→ **To do**
Scan the records below for the line containing "Line((20, 53.5), (32, 53.5))" and the line containing "-17.7525512861), (-20, -30))". Copy both, plus every line between, exactly.

→ **Data shown**
%%

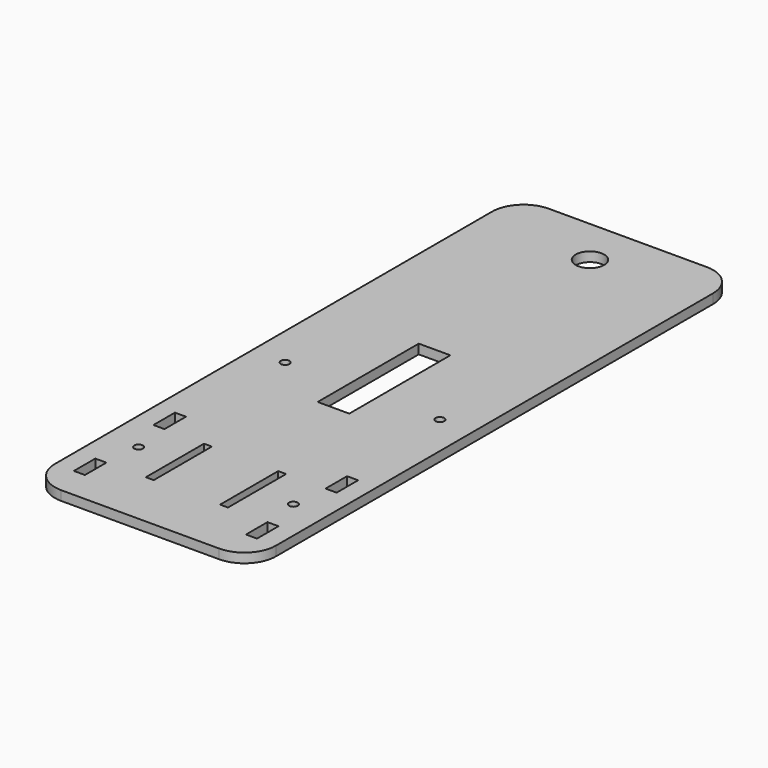
from build123d import *

# Parameters (mm, degrees)
F0_R     = 1.375
F0_R_2   = 4.5
F0_W     = 40
F0_H     = 10
F0_W_2   = 10
F0_H_2   = 35
F0_W_3   = 15
F0_H_3   = 2
F0_W_4   = 2
F0_W_5   = 5.5
F0_H_4   = 11.5
F0_R_3   = 1
F1_DEPTH = 3


# Not quite as in the source:
# - a feature names something its author has since deleted; it is built from what else it names


with BuildPart() as f1:
    # F0 (on Top) → F1 (new body)
    with BuildSketch(Plane.XY):
        with BuildLine():
            Line((25, 96.5), (-25, 96.5))
            ThreePointArc((-25, 96.5), (-32.0710678119, 93.5710678119), (-35, 86.5))
            Line((-35, 86.5), (-35, -86.5))
            ThreePointArc((-35, -86.5), (-32.0710678119, -93.5710678119), (-25, -96.5))
            Line((-25, -96.5), (25, -96.5))
            ThreePointArc((25, -96.5), (32.0710678119, -93.5710678119), (35, -86.5))
            Line((35, -86.5), (35, 86.5))
            ThreePointArc((35, 86.5), (32.0710678119, 93.5710678119), (25, 96.5))
        make_face()
        Polygon((-29, -86.5), (-29, -78), (-29, -55), (-29, -46.5), (-25.5, -46.5), (-25.5, -55), (-18.5, -55), (-13, -55), (-10.5, -55), (-10.5, -66.5), (-10.5, -78), (-10.5, -86.5), (-25.5, -86.5), align=None, mode=Mode.SUBTRACT)
        with Locations((-24.5, -8.5)):
            Circle(F0_R, mode=Mode.SUBTRACT)
        Polygon((10.5, -78), (10.5, -66.5), (10.5, -55), (13, -55), (18.5, -55), (24.5, -55), (25.5, -55), (25.5, -46.5), (29, -46.5), (29, -55), (29, -78), (29, -86.5), (25.5, -86.5), (10.5, -86.5), align=None, mode=Mode.SUBTRACT)
        with BuildLine():
            ThreePointArc((25.875, -8.5), (25.4722718241, -9.4722718241), (24.5, -9.875))
            ThreePointArc((24.5, -9.875), (23.5277281759, -7.5277281759), (25.875, -8.5))
        make_face(mode=Mode.SUBTRACT)
        with BuildLine():
            ThreePointArc((26, -30), (25.5980762114, -31.5), (24.5, -32.5980762114))
            ThreePointArc((24.5, -32.5980762114), (23.1822131445, -32.9944612821), (21.8260869565, -32.7607839768))
            ThreePointArc((21.8260869565, -32.7607839768), (0, -52), (-21.8260869565, -32.7607839768))
            ThreePointArc((-21.8260869565, -32.7607839768), (-26, -30), (-21.8260869565, -27.2392160232))
            ThreePointArc((-21.8260869565, -27.2392160232), (-16.3398685927, -15.268785034), (-5, -8.5757147144))
            Line((-5, -8.5757147144), (-5, -5.5))
            Line((-5, -5.5), (-14, -5.5))
            Line((-14, -5.5), (-14, -8.5))
            ThreePointArc((-14, -8.5), (-17, -11.5), (-20, -8.5))
            Line((-20, -8.5), (-20, -5.5))
            Line((-20, -5.5), (-30, -5.5))
            Line((-30, -5.5), (-32, -5.5))
            Line((-32, -5.5), (-32, 6.5))
            Line((-32, 6.5), (-32, 41.5))
            Line((-32, 41.5), (-32, 53.5))
            Line((-32, 53.5), (-30, 53.5))
            Line((-30, 53.5), (-30, 56.5))
            ThreePointArc((-30, 56.5), (-27, 59.5), (-24, 56.5))
            Line((-24, 56.5), (-24, 53.5))
            Line((-24, 53.5), (-20, 53.5))
            Line((-20, 53.5), (20, 53.5))
            Line((20, 53.5), (32, 53.5))
            Line((32, 53.5), (32, 41.5))
            Line((32, 41.5), (32, 6.5))
            Line((32, 6.5), (32, -5.5))
            Line((32, -5.5), (20, -5.5))
            Line((20, -5.5), (5, -5.5))
            Line((5, -5.5), (5, -8.5757147144))
            ThreePointArc((5, -8.5757147144), (16.3398685927, -15.268785034), (21.8260869565, -27.2392160232))
            ThreePointArc((21.8260869565, -27.2392160232), (23.1822131445, -27.0055387179), (24.5, -27.4019237886))
            ThreePointArc((24.5, -27.4019237886), (25.5980762114, -28.5), (26, -30))
        make_face(mode=Mode.SUBTRACT)
        with Locations((0, 81.5)):
            Circle(F0_R_2, mode=Mode.SUBTRACT)
        Polygon((5, 20), (5, 6.5), (20, 6.5), (20, 41.5), (-20, 41.5), (-20, 6.5), (-5, 6.5), (-5, 20), align=None)
        with BuildLine():
            ThreePointArc((-20, -30), (0, -50), (20, -30))
            ThreePointArc((20, -30), (15.8113883008, -17.7525512861), (5, -10.635083269))
            Line((5, -10.635083269), (5, -20))
            Line((5, -20), (-5, -20))
            Line((-5, -20), (-5, -10.635083269))
            ThreePointArc((-5, -10.635083269), (-15.8113883008, -17.7525512861), (-20, -30))
        make_face()
        with Locations((0, 46.5)):
            Rectangle(F0_W, F0_H)
        with Locations((-25, 24)):
            Rectangle(F0_W_2, F0_H_2)
        with Locations((25, 24)):
            Rectangle(F0_W_2, F0_H_2)
        Polygon((-29, -55), (-29, -78), (-25.5, -78), (-18.5, -78), (-18.5, -66.5), (-18.5, -55), (-25.5, -55), align=None)
        with Locations((-24.5, -66.5)):
            Circle(F0_R, mode=Mode.SUBTRACT)
        with BuildLine():
            Line((23.125, -66.5), (18.5, -66.5))
            Line((18.5, -66.5), (18.5, -78))
            Line((18.5, -78), (25.5, -78))
            Line((25.5, -78), (29, -78))
            Line((29, -78), (29, -55))
            Line((29, -55), (25.5, -55))
            Line((25.5, -55), (24.5, -55))
            Line((24.5, -55), (24.5, -65.125))
            ThreePointArc((24.5, -65.125), (25.4722718241, -65.5277281759), (25.875, -66.5))
            ThreePointArc((25.875, -66.5), (24.5, -67.875), (23.125, -66.5))
        make_face()
        with Locations((-12.5, 1.5)):
            Rectangle(F0_W_3, F0_H)
        with Locations((12.5, 1.5)):
            Rectangle(F0_W_3, F0_H)
        Polygon((-18.5, -78), (-25.5, -78), (-25.5, -86.5), (-10.5, -86.5), (-10.5, -78), (-13, -78), align=None)
        Polygon((13, -78), (10.5, -78), (10.5, -86.5), (25.5, -86.5), (25.5, -78), (18.5, -78), align=None)
        with BuildLine():
            ThreePointArc((-21.8260869565, -32.7607839768), (0, -52), (21.8260869565, -32.7607839768))
            ThreePointArc((21.8260869565, -32.7607839768), (20.4978270313, -31.6550318531), (20, -30))
            ThreePointArc((20, -30), (0, -50), (-20, -30))
            ThreePointArc((-20, -30), (-20.4978270313, -31.6550318531), (-21.8260869565, -32.7607839768))
        make_face()
        with Locations((25, 46.5)):
            Rectangle(F0_W_2, F0_H)
        with Locations((-25, 46.5)):
            Rectangle(F0_W_2, F0_H)
        with Locations((-25, 1.5)):
            Rectangle(F0_W_2, F0_H)
        with Locations((25, 1.5)):
            Rectangle(F0_W_2, F0_H)
        with Locations((0, 52.5)):
            Rectangle(F0_W, F0_H_3)
        with Locations((31, 24)):
            Rectangle(F0_W_4, F0_H_2)
        with Locations((-31, 24)):
            Rectangle(F0_W_4, F0_H_2)
        with BuildLine():
            Line((18.5, -55), (18.5, -66.5))
            Line((18.5, -66.5), (23.125, -66.5))
            ThreePointArc((23.125, -66.5), (23.5277281759, -65.5277281759), (24.5, -65.125))
            Line((24.5, -65.125), (24.5, -55))
            Line((24.5, -55), (18.5, -55))
        make_face()
        with Locations((-15.75, -72.25)):
            Rectangle(F0_W_5, F0_H_4)
        with Locations((-15.75, -60.75)):
            Rectangle(F0_W_5, F0_H_4)
        with Locations((15.75, -72.25)):
            Rectangle(F0_W_5, F0_H_4)
        with Locations((15.75, -60.75)):
            Rectangle(F0_W_5, F0_H_4)
        with BuildLine():
            ThreePointArc((-5, -8.5757147144), (-16.3398685927, -15.268785034), (-21.8260869565, -27.2392160232))
            ThreePointArc((-21.8260869565, -27.2392160232), (-20.4978270313, -28.3449681469), (-20, -30))
            ThreePointArc((-20, -30), (-15.8113883008, -17.7525512861), (-5, -10.635083269))
            Line((-5, -10.635083269), (-5, -8.5757147144))
        make_face()
        with BuildLine():
            ThreePointArc((20, -30), (20.4978270313, -28.3449681469), (21.8260869565, -27.2392160232))
            ThreePointArc((21.8260869565, -27.2392160232), (16.3398685927, -15.268785034), (5, -8.5757147144))
            Line((5, -8.5757147144), (5, -10.635083269))
            ThreePointArc((5, -10.635083269), (15.8113883008, -17.7525512861), (20, -30))
        make_face()
        Polygon((30, 41.5), (32, 41.5), (32, 53.5), (20, 53.5), (20, 51.5), (30, 51.5), align=None)
        Polygon((20, -3.5), (20, -5.5), (32, -5.5), (32, 6.5), (30, 6.5), (30, -3.5), align=None)
        Polygon((-14, -5.5), (-5, -5.5), (-5, -3.5), (-20, -3.5), (-20, -5.5), (-17, -5.5), align=None)
        with Locations((12.5, -4.5)):
            Rectangle(F0_W_3, F0_H_3)
        with BuildLine():
            ThreePointArc((-30, 56.5), (-29.1213203519, 54.3786796648), (-27.0000000236, 53.5))
            ThreePointArc((-27.0000000236, 53.5), (-24.8786796648, 54.3786796481), (-24, 56.5))
            ThreePointArc((-24, 56.5), (-27, 59.5), (-30, 56.5))
        make_face()
        with Locations((-27, 56.5)):
            Circle(F0_R_3, mode=Mode.SUBTRACT)
        with BuildLine():
            ThreePointArc((-14, -8.5), (-14.8786796564, -6.3786796564), (-17, -5.5))
            ThreePointArc((-17, -5.5), (-19.1213203436, -6.3786796564), (-20, -8.5))
            ThreePointArc((-20, -8.5), (-17, -11.5), (-14, -8.5))
        make_face()
        with Locations((-17, -8.5)):
            Circle(F0_R_3, mode=Mode.SUBTRACT)
        Polygon((-32, 41.5), (-30, 41.5), (-30, 51.5), (-30, 53.5), (-32, 53.5), align=None)
        Polygon((-30, -5.5), (-30, -3.5), (-30, 6.5), (-32, 6.5), (-32, -5.5), align=None)
        with BuildLine():
            ThreePointArc((-21.8260869565, -27.2392160232), (-26, -30), (-21.8260869565, -32.7607839768))
            ThreePointArc((-21.8260869565, -32.7607839768), (-21.9564786913, -31.3831281496), (-22, -30))
            ThreePointArc((-22, -30), (-21.9564786913, -28.6168718504), (-21.8260869565, -27.2392160232))
        make_face()
        with Locations((-23, -30)):
            Circle(F0_R_3, mode=Mode.SUBTRACT)
        Polygon((-30, 51.5), (-20, 51.5), (-20, 53.5), (-24, 53.5), (-27.0000000236, 53.5), (-30, 53.5), align=None)
        with Locations((-25, -4.5)):
            Rectangle(F0_W_2, F0_H_3)
        with BuildLine():
            ThreePointArc((21.8260869565, -32.7607839768), (23.1822131445, -32.9944612821), (24.5, -32.5980762114))
            Line((24.5, -32.5980762114), (24.5, -27.4019237886))
            ThreePointArc((24.5, -27.4019237886), (23.1822131445, -27.0055387179), (21.8260869565, -27.2392160232))
            ThreePointArc((21.8260869565, -27.2392160232), (21.9564786913, -28.6168718504), (22, -30))
            ThreePointArc((22, -30), (21.9564786913, -31.3831281496), (21.8260869565, -32.7607839768))
        make_face()
        with BuildLine():
            ThreePointArc((24, -30), (23, -31), (22, -30))
            ThreePointArc((22, -30), (23, -29), (24, -30))
        make_face(mode=Mode.SUBTRACT)
        with BuildLine():
            ThreePointArc((-22, -30), (-21.9564786913, -31.3831281496), (-21.8260869565, -32.7607839768))
            ThreePointArc((-21.8260869565, -32.7607839768), (-20.4978270313, -31.6550318531), (-20, -30))
            ThreePointArc((-20, -30), (-20.4978270313, -28.3449681469), (-21.8260869565, -27.2392160232))
            ThreePointArc((-21.8260869565, -27.2392160232), (-21.9564786913, -28.6168718504), (-22, -30))
        make_face()
        with BuildLine():
            ThreePointArc((20, -30), (20.4978270313, -31.6550318531), (21.8260869565, -32.7607839768))
            ThreePointArc((21.8260869565, -32.7607839768), (21.9564786913, -31.3831281496), (22, -30))
            ThreePointArc((22, -30), (21.9564786913, -28.6168718504), (21.8260869565, -27.2392160232))
            ThreePointArc((21.8260869565, -27.2392160232), (20.4978270313, -28.3449681469), (20, -30))
        make_face()
        with BuildLine():
            Line((24.5, -27.4019237886), (24.5, -32.5980762114))
            ThreePointArc((24.5, -32.5980762114), (25.5980762114, -31.5), (26, -30))
            ThreePointArc((26, -30), (25.5980762114, -28.5), (24.5, -27.4019237886))
        make_face()
        with Locations((-23, -30)):
            Circle(F0_R_3)
        with BuildLine():
            ThreePointArc((24, -30), (23, -29), (22, -30))
            ThreePointArc((22, -30), (23, -31), (24, -30))
        make_face()
        with Locations((-27, 56.5)):
            Circle(F0_R_3)
        with Locations((-17, -8.5)):
            Circle(F0_R_3)
        with BuildLine():
            Line((-27.0000000236, 53.5), (-24, 53.5))
            Line((-24, 53.5), (-24, 56.5))
            ThreePointArc((-24, 56.5), (-24.8786796648, 54.3786796481), (-27.0000000236, 53.5))
        make_face()
        with BuildLine():
            Line((-30, 56.5), (-30, 53.5))
            Line((-30, 53.5), (-27.0000000236, 53.5))
            ThreePointArc((-27.0000000236, 53.5), (-29.1213203519, 54.3786796648), (-30, 56.5))
        make_face()
        with BuildLine():
            ThreePointArc((-20, -8.5), (-19.1213203436, -6.3786796564), (-17, -5.5))
            Line((-17, -5.5), (-20, -5.5))
            Line((-20, -5.5), (-20, -8.5))
        make_face()
        with BuildLine():
            Line((-14, -8.5), (-14, -5.5))
            Line((-14, -5.5), (-17, -5.5))
            ThreePointArc((-17, -5.5), (-14.8786796564, -6.3786796564), (-14, -8.5))
        make_face()
    extrude(amount=F1_DEPTH)


solid = f1.part

%%

→ **Response below**
            Line((20, 53.5), (32, 53.5))
            Line((32, 53.5), (32, 41.5))
            Line((32, 41.5), (32, 6.5))
            Line((32, 6.5), (32, -5.5))
            Line((32, -5.5), (20, -5.5))
            Line((20, -5.5), (5, -5.5))
            Line((5, -5.5), (5, -8.5757147144))
            ThreePointArc((5, -8.5757147144), (16.3398685927, -15.268785034), (21.8260869565, -27.2392160232))
            ThreePointArc((21.8260869565, -27.2392160232), (23.1822131445, -27.0055387179), (24.5, -27.4019237886))
            ThreePointArc((24.5, -27.4019237886), (25.5980762114, -28.5), (26, -30))
        make_face(mode=Mode.SUBTRACT)
        with Locations((0, 81.5)):
            Circle(F0_R_2, mode=Mode.SUBTRACT)
        Polygon((5, 20), (5, 6.5), (20, 6.5), (20, 41.5), (-20, 41.5), (-20, 6.5), (-5, 6.5), (-5, 20), align=None)
        with BuildLine():
            ThreePointArc((-20, -30), (0, -50), (20, -30))
            ThreePointArc((20, -30), (15.8113883008, -17.7525512861), (5, -10.635083269))
            Line((5, -10.635083269), (5, -20))
            Line((5, -20), (-5, -20))
            Line((-5, -20), (-5, -10.635083269))
            ThreePointArc((-5, -10.635083269), (-15.8113883008, -17.7525512861), (-20, -30))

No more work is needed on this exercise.